The directing effects of electron donating and withdrawing groups on electrophilic substitution of benzene

Henry Armstrong, working at Imperial College in 1890, was the first to categorise substituents (R') on a benzene ring in terms of the effect they had towards electrophilic substitution reactions of the ring. With the electron yet to be discovered, he attributed this to to a polarizable entity he called an "affinity", and suggested this acted at a distance over the whole ring, and which differed in character according to the nature of the substituents (a difference we nowadays categorize as electron donating or withdrawing).

Erich Huckel, working some 40 years later, was able to derive from Schroedinger's equation a simple expression which predicted how "affinities", now named electrons of course, were polarized (the so-called Huckel molecular orbital theory). These molecular orbital functions, as we nowadays refer to them, can be used to illustrate graphically how both the directing effects and the activating/deactivating effects operate. To maximise the visual effect, we are going to use two substituents R' that were not in fact in Armstrong's original list; CH2+ for an electron withdrawing group and CH2- for an electron donating group. Its worth considering just for a moment why we are not using more conventional neutral groups (i.e. NO2 and NH2 respectively) for this illustration. Being neutral, the latter groups can only polarize the molecule by separating charge to produce a dipolar species. Such ionic charge separation always takes a fair bit of energy to achieve compared to neutral covalent bonding. In contrast, if the R' group is already ionic, then moving the charge from one part of the molecule to another takes very little energy, and hence very little if any increase in energy.

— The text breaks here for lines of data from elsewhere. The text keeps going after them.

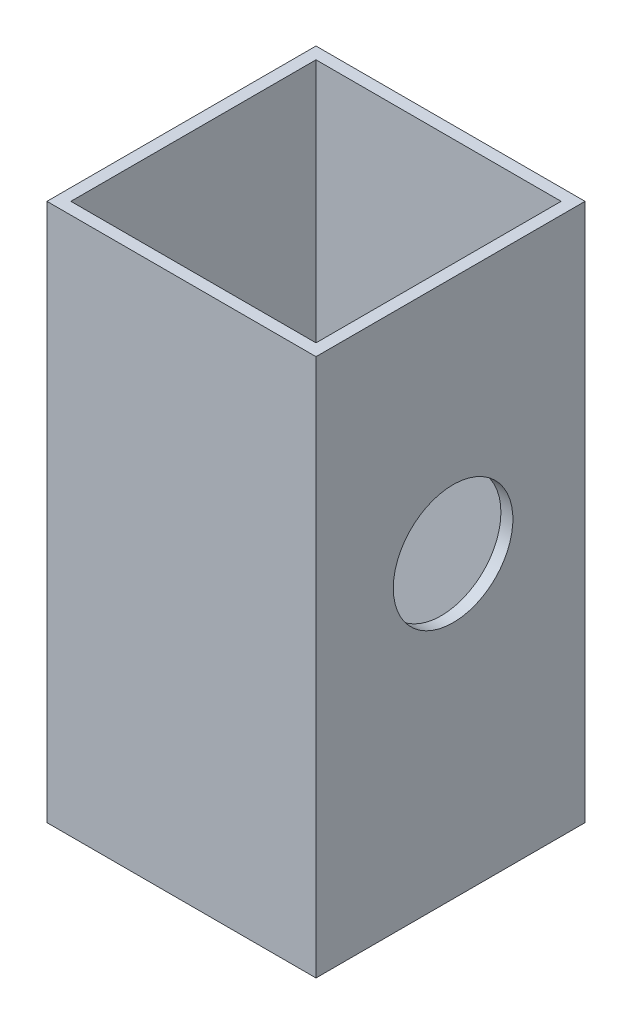
ISO-10303-21;
HEADER;
FILE_DESCRIPTION(('STEP AP214'),'2;1');
FILE_NAME('part.step','',(''),(''),'','','');
FILE_SCHEMA(('AUTOMOTIVE_DESIGN { 1 0 10303 214 1 1 1 1 }'));
ENDSEC;
DATA;
#1=APPLICATION_CONTEXT('core data for automotive mechanical design processes');
#2=APPLICATION_PROTOCOL_DEFINITION('international standard','automotive_design',2000,#1);
#3=PRODUCT_CONTEXT('',#1,'mechanical');
#4=PRODUCT('Part','Part','',(#3));
#5=PRODUCT_RELATED_PRODUCT_CATEGORY('part','',(#4));
#6=PRODUCT_DEFINITION_FORMATION('','',#4);
#7=PRODUCT_DEFINITION_CONTEXT('part definition',#1,'design');
#8=PRODUCT_DEFINITION('design','',#6,#7);
#9=PRODUCT_DEFINITION_SHAPE('','',#8);
#10=(LENGTH_UNIT() NAMED_UNIT(*) SI_UNIT(.MILLI.,.METRE.));
#11=(NAMED_UNIT(*) PLANE_ANGLE_UNIT() SI_UNIT($,.RADIAN.));
#12=(NAMED_UNIT(*) SI_UNIT($,.STERADIAN.) SOLID_ANGLE_UNIT());
#13=UNCERTAINTY_MEASURE_WITH_UNIT(LENGTH_MEASURE(1.E-05),#10,'distance_accuracy_value','');
#14=(GEOMETRIC_REPRESENTATION_CONTEXT(3) GLOBAL_UNCERTAINTY_ASSIGNED_CONTEXT((#13)) GLOBAL_UNIT_ASSIGNED_CONTEXT((#10,
#11,#12)) REPRESENTATION_CONTEXT('',''));
#15=CARTESIAN_POINT('',(0.,0.,0.));
#16=DIRECTION('',(0.,0.,1.));
#17=DIRECTION('',(1.,0.,0.));
#18=AXIS2_PLACEMENT_3D('',#15,#16,#17);
#19=CARTESIAN_POINT('',(0.,45.,0.));
#20=DIRECTION('',(-1.,0.,0.));
#21=DIRECTION('',(0.,0.,1.));
#22=AXIS2_PLACEMENT_3D('',#19,#20,#21);
#23=PLANE('',#22);
#24=CARTESIAN_POINT('',(0.,25.,11.0361110306243));
#25=DIRECTION('',(-1.,0.,0.));
#26=DIRECTION('',(0.,0.,1.));
#27=AXIS2_PLACEMENT_3D('',#24,#25,#26);
#28=CIRCLE('',#27,5.);
#29=CARTESIAN_POINT('',(0.,25.,16.0361110306243));
#30=VERTEX_POINT('',#29);
#31=EDGE_CURVE('E137',#30,#30,#28,.T.);
#32=ORIENTED_EDGE('',*,*,#31,.T.);
#33=EDGE_LOOP('',(#32));
#34=FACE_BOUND('',#33,.T.);
#35=DIRECTION('',(0.,0.,-1.));
#36=VECTOR('',#35,1.);
#37=CARTESIAN_POINT('',(0.,0.,0.));
#38=LINE('',#37,#36);
#39=CARTESIAN_POINT('',(0.,0.,22.5));
#40=VERTEX_POINT('',#39);
#41=CARTESIAN_POINT('',(0.,0.,0.));
#42=VERTEX_POINT('',#41);
#43=EDGE_CURVE('E149',#40,#42,#38,.T.);
#44=ORIENTED_EDGE('',*,*,#43,.T.);
#45=DIRECTION('',(0.,-1.,0.));
#46=VECTOR('',#45,1.);
#47=CARTESIAN_POINT('',(0.,45.,0.));
#48=LINE('',#47,#46);
#49=CARTESIAN_POINT('',(0.,45.,0.));
#50=VERTEX_POINT('',#49);
#51=EDGE_CURVE('E11',#50,#42,#48,.T.);
#52=ORIENTED_EDGE('',*,*,#51,.F.);
#53=DIRECTION('',(0.,0.,-1.));
#54=VECTOR('',#53,1.);
#55=CARTESIAN_POINT('',(0.,45.,0.));
#56=LINE('',#55,#54);
#57=CARTESIAN_POINT('',(0.,45.,22.5));
#58=VERTEX_POINT('',#57);
#59=EDGE_CURVE('E153',#58,#50,#56,.T.);
#60=ORIENTED_EDGE('',*,*,#59,.F.);
#61=DIRECTION('',(0.,-1.,0.));
#62=VECTOR('',#61,1.);
#63=CARTESIAN_POINT('',(0.,45.,22.5));
#64=LINE('',#63,#62);
#65=EDGE_CURVE('E159',#58,#40,#64,.T.);
#66=ORIENTED_EDGE('',*,*,#65,.T.);
#67=EDGE_LOOP('',(#44,#52,#60,#66));
#68=FACE_BOUND('',#67,.T.);
#69=ADVANCED_FACE('F37',(#34,#68),#23,.F.);
#70=CARTESIAN_POINT('',(0.,45.,0.));
#71=DIRECTION('',(0.,0.,1.));
#72=DIRECTION('',(1.,0.,0.));
#73=AXIS2_PLACEMENT_3D('',#70,#71,#72);
#74=PLANE('',#73);
#75=DIRECTION('',(-1.,0.,0.));
#76=VECTOR('',#75,1.);
#77=CARTESIAN_POINT('',(0.,0.,0.));
#78=LINE('',#77,#76);
#79=CARTESIAN_POINT('',(-22.5,0.,0.));
#80=VERTEX_POINT('',#79);
#81=EDGE_CURVE('E162',#42,#80,#78,.T.);
#82=ORIENTED_EDGE('',*,*,#81,.T.);
#83=DIRECTION('',(0.,-1.,0.));
#84=VECTOR('',#83,1.);
#85=CARTESIAN_POINT('',(-22.5,45.,0.));
#86=LINE('',#85,#84);
#87=CARTESIAN_POINT('',(-22.5,45.,0.));
#88=VERTEX_POINT('',#87);
#89=EDGE_CURVE('E45',#88,#80,#86,.T.);
#90=ORIENTED_EDGE('',*,*,#89,.F.);
#91=DIRECTION('',(-1.,0.,0.));
#92=VECTOR('',#91,1.);
#93=CARTESIAN_POINT('',(0.,45.,0.));
#94=LINE('',#93,#92);
#95=EDGE_CURVE('E89',#50,#88,#94,.T.);
#96=ORIENTED_EDGE('',*,*,#95,.F.);
#97=ORIENTED_EDGE('',*,*,#51,.T.);
#98=EDGE_LOOP('',(#82,#90,#96,#97));
#99=FACE_BOUND('',#98,.T.);
#100=ADVANCED_FACE('F192',(#99),#74,.F.);
#101=CARTESIAN_POINT('',(-22.5,45.,0.));
#102=DIRECTION('',(1.,0.,0.));
#103=DIRECTION('',(0.,0.,-1.));
#104=AXIS2_PLACEMENT_3D('',#101,#102,#103);
#105=PLANE('',#104);
#106=CARTESIAN_POINT('',(-22.5,25.,11.0361110306243));
#107=DIRECTION('',(-1.,0.,0.));
#108=DIRECTION('',(0.,0.,1.));
#109=AXIS2_PLACEMENT_3D('',#106,#107,#108);
#110=CIRCLE('',#109,5.);
#111=CARTESIAN_POINT('',(-22.5,25.,16.0361110306243));
#112=VERTEX_POINT('',#111);
#113=EDGE_CURVE('E209',#112,#112,#110,.T.);
#114=ORIENTED_EDGE('',*,*,#113,.F.);
#115=EDGE_LOOP('',(#114));
#116=FACE_BOUND('',#115,.T.);
#117=DIRECTION('',(0.,0.,1.));
#118=VECTOR('',#117,1.);
#119=CARTESIAN_POINT('',(-22.5,0.,0.));
#120=LINE('',#119,#118);
#121=CARTESIAN_POINT('',(-22.5,0.,22.5));
#122=VERTEX_POINT('',#121);
#123=EDGE_CURVE('E164',#80,#122,#120,.T.);
#124=ORIENTED_EDGE('',*,*,#123,.T.);
#125=DIRECTION('',(0.,-1.,0.));
#126=VECTOR('',#125,1.);
#127=CARTESIAN_POINT('',(-22.5,45.,22.5));
#128=LINE('',#127,#126);
#129=CARTESIAN_POINT('',(-22.5,45.,22.5));
#130=VERTEX_POINT('',#129);
#131=EDGE_CURVE('E168',#130,#122,#128,.T.);
#132=ORIENTED_EDGE('',*,*,#131,.F.);
#133=DIRECTION('',(0.,0.,1.));
#134=VECTOR('',#133,1.);
#135=CARTESIAN_POINT('',(-22.5,45.,0.));
#136=LINE('',#135,#134);
#137=EDGE_CURVE('E156',#88,#130,#136,.T.);
#138=ORIENTED_EDGE('',*,*,#137,.F.);
#139=ORIENTED_EDGE('',*,*,#89,.T.);
#140=EDGE_LOOP('',(#124,#132,#138,#139));
#141=FACE_BOUND('',#140,.T.);
#142=ADVANCED_FACE('F174',(#116,#141),#105,.F.);
#143=CARTESIAN_POINT('',(0.,45.,22.5));
#144=DIRECTION('',(0.,0.,-1.));
#145=DIRECTION('',(-1.,0.,0.));
#146=AXIS2_PLACEMENT_3D('',#143,#144,#145);
#147=PLANE('',#146);
#148=DIRECTION('',(1.,0.,0.));
#149=VECTOR('',#148,1.);
#150=CARTESIAN_POINT('',(0.,0.,22.5));
#151=LINE('',#150,#149);
#152=EDGE_CURVE('E82',#122,#40,#151,.T.);
#153=ORIENTED_EDGE('',*,*,#152,.T.);
#154=ORIENTED_EDGE('',*,*,#65,.F.);
#155=DIRECTION('',(1.,0.,0.));
#156=VECTOR('',#155,1.);
#157=CARTESIAN_POINT('',(0.,45.,22.5));
#158=LINE('',#157,#156);
#159=EDGE_CURVE('E61',#130,#58,#158,.T.);
#160=ORIENTED_EDGE('',*,*,#159,.F.);
#161=ORIENTED_EDGE('',*,*,#131,.T.);
#162=EDGE_LOOP('',(#153,#154,#160,#161));
#163=FACE_BOUND('',#162,.T.);
#164=ADVANCED_FACE('F182',(#163),#147,.F.);
#165=CARTESIAN_POINT('',(0.,45.,0.));
#166=DIRECTION('',(0.,-1.,0.));
#167=DIRECTION('',(0.,0.,-1.));
#168=AXIS2_PLACEMENT_3D('',#165,#166,#167);
#169=PLANE('',#168);
#170=DIRECTION('',(1.,0.,0.));
#171=VECTOR('',#170,1.);
#172=CARTESIAN_POINT('',(-21.5,45.,21.5));
#173=LINE('',#172,#171);
#174=CARTESIAN_POINT('',(-21.5,45.,21.5));
#175=VERTEX_POINT('',#174);
#176=CARTESIAN_POINT('',(-0.999999999999994,45.,21.5));
#177=VERTEX_POINT('',#176);
#178=EDGE_CURVE('E143',#175,#177,#173,.T.);
#179=ORIENTED_EDGE('',*,*,#178,.F.);
#180=DIRECTION('',(0.,0.,1.));
#181=VECTOR('',#180,1.);
#182=CARTESIAN_POINT('',(-21.5,45.,1.));
#183=LINE('',#182,#181);
#184=CARTESIAN_POINT('',(-21.5,45.,1.));
#185=VERTEX_POINT('',#184);
#186=EDGE_CURVE('E52',#185,#175,#183,.T.);
#187=ORIENTED_EDGE('',*,*,#186,.F.);
#188=DIRECTION('',(-1.,0.,0.));
#189=VECTOR('',#188,1.);
#190=CARTESIAN_POINT('',(-21.5,45.,1.));
#191=LINE('',#190,#189);
#192=CARTESIAN_POINT('',(-0.999999999999997,45.,1.));
#193=VERTEX_POINT('',#192);
#194=EDGE_CURVE('E131',#193,#185,#191,.T.);
#195=ORIENTED_EDGE('',*,*,#194,.F.);
#196=DIRECTION('',(0.,0.,-1.));
#197=VECTOR('',#196,1.);
#198=CARTESIAN_POINT('',(-0.999999999999997,45.,1.));
#199=LINE('',#198,#197);
#200=EDGE_CURVE('E134',#177,#193,#199,.T.);
#201=ORIENTED_EDGE('',*,*,#200,.F.);
#202=EDGE_LOOP('',(#179,#187,#195,#201));
#203=FACE_BOUND('',#202,.T.);
#204=ORIENTED_EDGE('',*,*,#59,.T.);
#205=ORIENTED_EDGE('',*,*,#95,.T.);
#206=ORIENTED_EDGE('',*,*,#137,.T.);
#207=ORIENTED_EDGE('',*,*,#159,.T.);
#208=EDGE_LOOP('',(#204,#205,#206,#207));
#209=FACE_BOUND('',#208,.T.);
#210=ADVANCED_FACE('F184',(#203,#209),#169,.F.);
#211=CARTESIAN_POINT('',(0.,0.,0.));
#212=DIRECTION('',(0.,-1.,0.));
#213=DIRECTION('',(0.,0.,-1.));
#214=AXIS2_PLACEMENT_3D('',#211,#212,#213);
#215=PLANE('',#214);
#216=ORIENTED_EDGE('',*,*,#43,.F.);
#217=ORIENTED_EDGE('',*,*,#152,.F.);
#218=ORIENTED_EDGE('',*,*,#123,.F.);
#219=ORIENTED_EDGE('',*,*,#81,.F.);
#220=EDGE_LOOP('',(#216,#217,#218,#219));
#221=FACE_BOUND('',#220,.T.);
#222=ADVANCED_FACE('F178',(#221),#215,.T.);
#223=CARTESIAN_POINT('',(-21.5,5.,1.));
#224=DIRECTION('',(-1.,0.,0.));
#225=DIRECTION('',(0.,0.,1.));
#226=AXIS2_PLACEMENT_3D('',#223,#224,#225);
#227=PLANE('',#226);
#228=CARTESIAN_POINT('',(-21.5,25.,11.0361110306243));
#229=DIRECTION('',(-1.,0.,0.));
#230=DIRECTION('',(0.,0.,1.));
#231=AXIS2_PLACEMENT_3D('',#228,#229,#230);
#232=CIRCLE('',#231,5.);
#233=CARTESIAN_POINT('',(-21.5,25.,16.0361110306243));
#234=VERTEX_POINT('',#233);
#235=EDGE_CURVE('E204',#234,#234,#232,.T.);
#236=ORIENTED_EDGE('',*,*,#235,.T.);
#237=EDGE_LOOP('',(#236));
#238=FACE_BOUND('',#237,.T.);
#239=ORIENTED_EDGE('',*,*,#186,.T.);
#240=DIRECTION('',(0.,1.,0.));
#241=VECTOR('',#240,1.);
#242=CARTESIAN_POINT('',(-21.5,5.,21.5));
#243=LINE('',#242,#241);
#244=CARTESIAN_POINT('',(-21.5,5.,21.5));
#245=VERTEX_POINT('',#244);
#246=EDGE_CURVE('E109',#245,#175,#243,.T.);
#247=ORIENTED_EDGE('',*,*,#246,.F.);
#248=DIRECTION('',(0.,0.,1.));
#249=VECTOR('',#248,1.);
#250=CARTESIAN_POINT('',(-21.5,5.,1.));
#251=LINE('',#250,#249);
#252=CARTESIAN_POINT('',(-21.5,5.,1.));
#253=VERTEX_POINT('',#252);
#254=EDGE_CURVE('E113',#253,#245,#251,.T.);
#255=ORIENTED_EDGE('',*,*,#254,.F.);
#256=DIRECTION('',(0.,1.,0.));
#257=VECTOR('',#256,1.);
#258=CARTESIAN_POINT('',(-21.5,5.,1.));
#259=LINE('',#258,#257);
#260=EDGE_CURVE('E147',#253,#185,#259,.T.);
#261=ORIENTED_EDGE('',*,*,#260,.T.);
#262=EDGE_LOOP('',(#239,#247,#255,#261));
#263=FACE_BOUND('',#262,.T.);
#264=ADVANCED_FACE('F111',(#238,#263),#227,.F.);
#265=CARTESIAN_POINT('',(-21.5,5.,1.));
#266=DIRECTION('',(0.,0.,-1.));
#267=DIRECTION('',(-1.,0.,0.));
#268=AXIS2_PLACEMENT_3D('',#265,#266,#267);
#269=PLANE('',#268);
#270=ORIENTED_EDGE('',*,*,#194,.T.);
#271=ORIENTED_EDGE('',*,*,#260,.F.);
#272=DIRECTION('',(-1.,0.,0.));
#273=VECTOR('',#272,1.);
#274=CARTESIAN_POINT('',(-21.5,5.,1.));
#275=LINE('',#274,#273);
#276=CARTESIAN_POINT('',(-0.999999999999997,5.,1.));
#277=VERTEX_POINT('',#276);
#278=EDGE_CURVE('E119',#277,#253,#275,.T.);
#279=ORIENTED_EDGE('',*,*,#278,.F.);
#280=DIRECTION('',(0.,1.,0.));
#281=VECTOR('',#280,1.);
#282=CARTESIAN_POINT('',(-0.999999999999997,5.,1.));
#283=LINE('',#282,#281);
#284=EDGE_CURVE('E150',#277,#193,#283,.T.);
#285=ORIENTED_EDGE('',*,*,#284,.T.);
#286=EDGE_LOOP('',(#270,#271,#279,#285));
#287=FACE_BOUND('',#286,.T.);
#288=ADVANCED_FACE('F226',(#287),#269,.F.);
#289=CARTESIAN_POINT('',(-0.999999999999997,5.,1.));
#290=DIRECTION('',(1.,0.,0.));
#291=DIRECTION('',(0.,0.,-1.));
#292=AXIS2_PLACEMENT_3D('',#289,#290,#291);
#293=PLANE('',#292);
#294=CARTESIAN_POINT('',(-0.999999999999994,25.,11.0361110306243));
#295=DIRECTION('',(1.,0.,0.));
#296=DIRECTION('',(0.,0.,-1.));
#297=AXIS2_PLACEMENT_3D('',#294,#295,#296);
#298=CIRCLE('',#297,5.);
#299=CARTESIAN_POINT('',(-0.999999999999995,25.,6.03611103062432));
#300=VERTEX_POINT('',#299);
#301=EDGE_CURVE('E40',#300,#300,#298,.T.);
#302=ORIENTED_EDGE('',*,*,#301,.T.);
#303=EDGE_LOOP('',(#302));
#304=FACE_BOUND('',#303,.T.);
#305=ORIENTED_EDGE('',*,*,#200,.T.);
#306=ORIENTED_EDGE('',*,*,#284,.F.);
#307=DIRECTION('',(0.,0.,-1.));
#308=VECTOR('',#307,1.);
#309=CARTESIAN_POINT('',(-0.999999999999997,5.,1.));
#310=LINE('',#309,#308);
#311=CARTESIAN_POINT('',(-0.999999999999994,5.,21.5));
#312=VERTEX_POINT('',#311);
#313=EDGE_CURVE('E127',#312,#277,#310,.T.);
#314=ORIENTED_EDGE('',*,*,#313,.F.);
#315=DIRECTION('',(0.,1.,0.));
#316=VECTOR('',#315,1.);
#317=CARTESIAN_POINT('',(-0.999999999999994,5.,21.5));
#318=LINE('',#317,#316);
#319=EDGE_CURVE('E118',#312,#177,#318,.T.);
#320=ORIENTED_EDGE('',*,*,#319,.T.);
#321=EDGE_LOOP('',(#305,#306,#314,#320));
#322=FACE_BOUND('',#321,.T.);
#323=ADVANCED_FACE('F229',(#304,#322),#293,.F.);
#324=CARTESIAN_POINT('',(-21.5,5.,21.5));
#325=DIRECTION('',(0.,0.,1.));
#326=DIRECTION('',(1.,0.,0.));
#327=AXIS2_PLACEMENT_3D('',#324,#325,#326);
#328=PLANE('',#327);
#329=ORIENTED_EDGE('',*,*,#178,.T.);
#330=ORIENTED_EDGE('',*,*,#319,.F.);
#331=DIRECTION('',(1.,0.,0.));
#332=VECTOR('',#331,1.);
#333=CARTESIAN_POINT('',(-21.5,5.,21.5));
#334=LINE('',#333,#332);
#335=EDGE_CURVE('E122',#245,#312,#334,.T.);
#336=ORIENTED_EDGE('',*,*,#335,.F.);
#337=ORIENTED_EDGE('',*,*,#246,.T.);
#338=EDGE_LOOP('',(#329,#330,#336,#337));
#339=FACE_BOUND('',#338,.T.);
#340=ADVANCED_FACE('F123',(#339),#328,.F.);
#341=CARTESIAN_POINT('',(0.,5.,0.));
#342=DIRECTION('',(0.,1.,0.));
#343=DIRECTION('',(0.,0.,1.));
#344=AXIS2_PLACEMENT_3D('',#341,#342,#343);
#345=PLANE('',#344);
#346=ORIENTED_EDGE('',*,*,#254,.T.);
#347=ORIENTED_EDGE('',*,*,#335,.T.);
#348=ORIENTED_EDGE('',*,*,#313,.T.);
#349=ORIENTED_EDGE('',*,*,#278,.T.);
#350=EDGE_LOOP('',(#346,#347,#348,#349));
#351=FACE_BOUND('',#350,.T.);
#352=ADVANCED_FACE('F129',(#351),#345,.T.);
#353=CARTESIAN_POINT('',(17.5,25.,11.0361110306243));
#354=DIRECTION('',(-1.,0.,0.));
#355=DIRECTION('',(0.,0.,1.));
#356=AXIS2_PLACEMENT_3D('',#353,#354,#355);
#357=CYLINDRICAL_SURFACE('',#356,5.);
#358=ORIENTED_EDGE('',*,*,#301,.F.);
#359=EDGE_LOOP('',(#358));
#360=FACE_BOUND('',#359,.T.);
#361=ORIENTED_EDGE('',*,*,#31,.F.);
#362=EDGE_LOOP('',(#361));
#363=FACE_BOUND('',#362,.T.);
#364=ADVANCED_FACE('F217',(#360,#363),#357,.F.);
#365=ORIENTED_EDGE('',*,*,#113,.T.);
#366=EDGE_LOOP('',(#365));
#367=FACE_BOUND('',#366,.T.);
#368=ORIENTED_EDGE('',*,*,#235,.F.);
#369=EDGE_LOOP('',(#368));
#370=FACE_BOUND('',#369,.T.);
#371=ADVANCED_FACE('F214',(#367,#370),#357,.F.);
#372=CLOSED_SHELL('',(#69,#100,#142,#164,#210,#222,#264,#288,#323,#340,#352,#364,#371));
#373=MANIFOLD_SOLID_BREP('B2',#372);
#374=ADVANCED_BREP_SHAPE_REPRESENTATION('',(#18,#373),#14);
#375=SHAPE_DEFINITION_REPRESENTATION(#9,#374);
ENDSEC;
END-ISO-10303-21;

Shapes of (least stable) electron (pair) deriving from perturbation by "electron donating" CH2- Substituent. Note how these electrons have been polarized onto the ortho and para positions exclusively. An electrophile (electron loving) reagent will thus be attracted just to those positions. The energy of this particular electron pair (-1.7eV) suggests it is only weakly bound by the molecule (most electrons in molecules have more stable, tightly bound, energies of -10+ eV), and hence is very reactive (i.e. stabilizing this electron pair via reaction is likely to be a very exothermic process). This is conventionally interpreted as meaning such an electron donating substitutent is highly activating towards (electrophilic) reaction.


Shapes of (highest and next highest energy) electrons deriving from perturbation by the "electron withdrawing" CH2+ Substituent. The least stable electron pair in this system (left) is nevertheless (due to the overall positive charge the molecule carries) much more stable with before, with an energy of about -15.0 eV. This means it is even more stable than electrons in neutral benzene (~-10 eV), and hence much less likely to interact with an electrophile (which, in seeking electrons, does not much like what it sees in such stabilised electrons) and hence is deactivating. Notice also that the nodal properties are now quite different from before. In particular, there is no electron (density) present on the para position, whereas the meta position does have it (as does the ortho). Another electron pair (right) is only slightly different in energy from this first pair (~-15.6 eV), and this now places electron (density) only on the meta and para positions, but not the ortho. Taken together then, these two orbitals both place electrons meta, but only once each for ortho and para. The latter are thus not favoured for interaction with an electrophile, and only the meta position reacts, albeit slowly.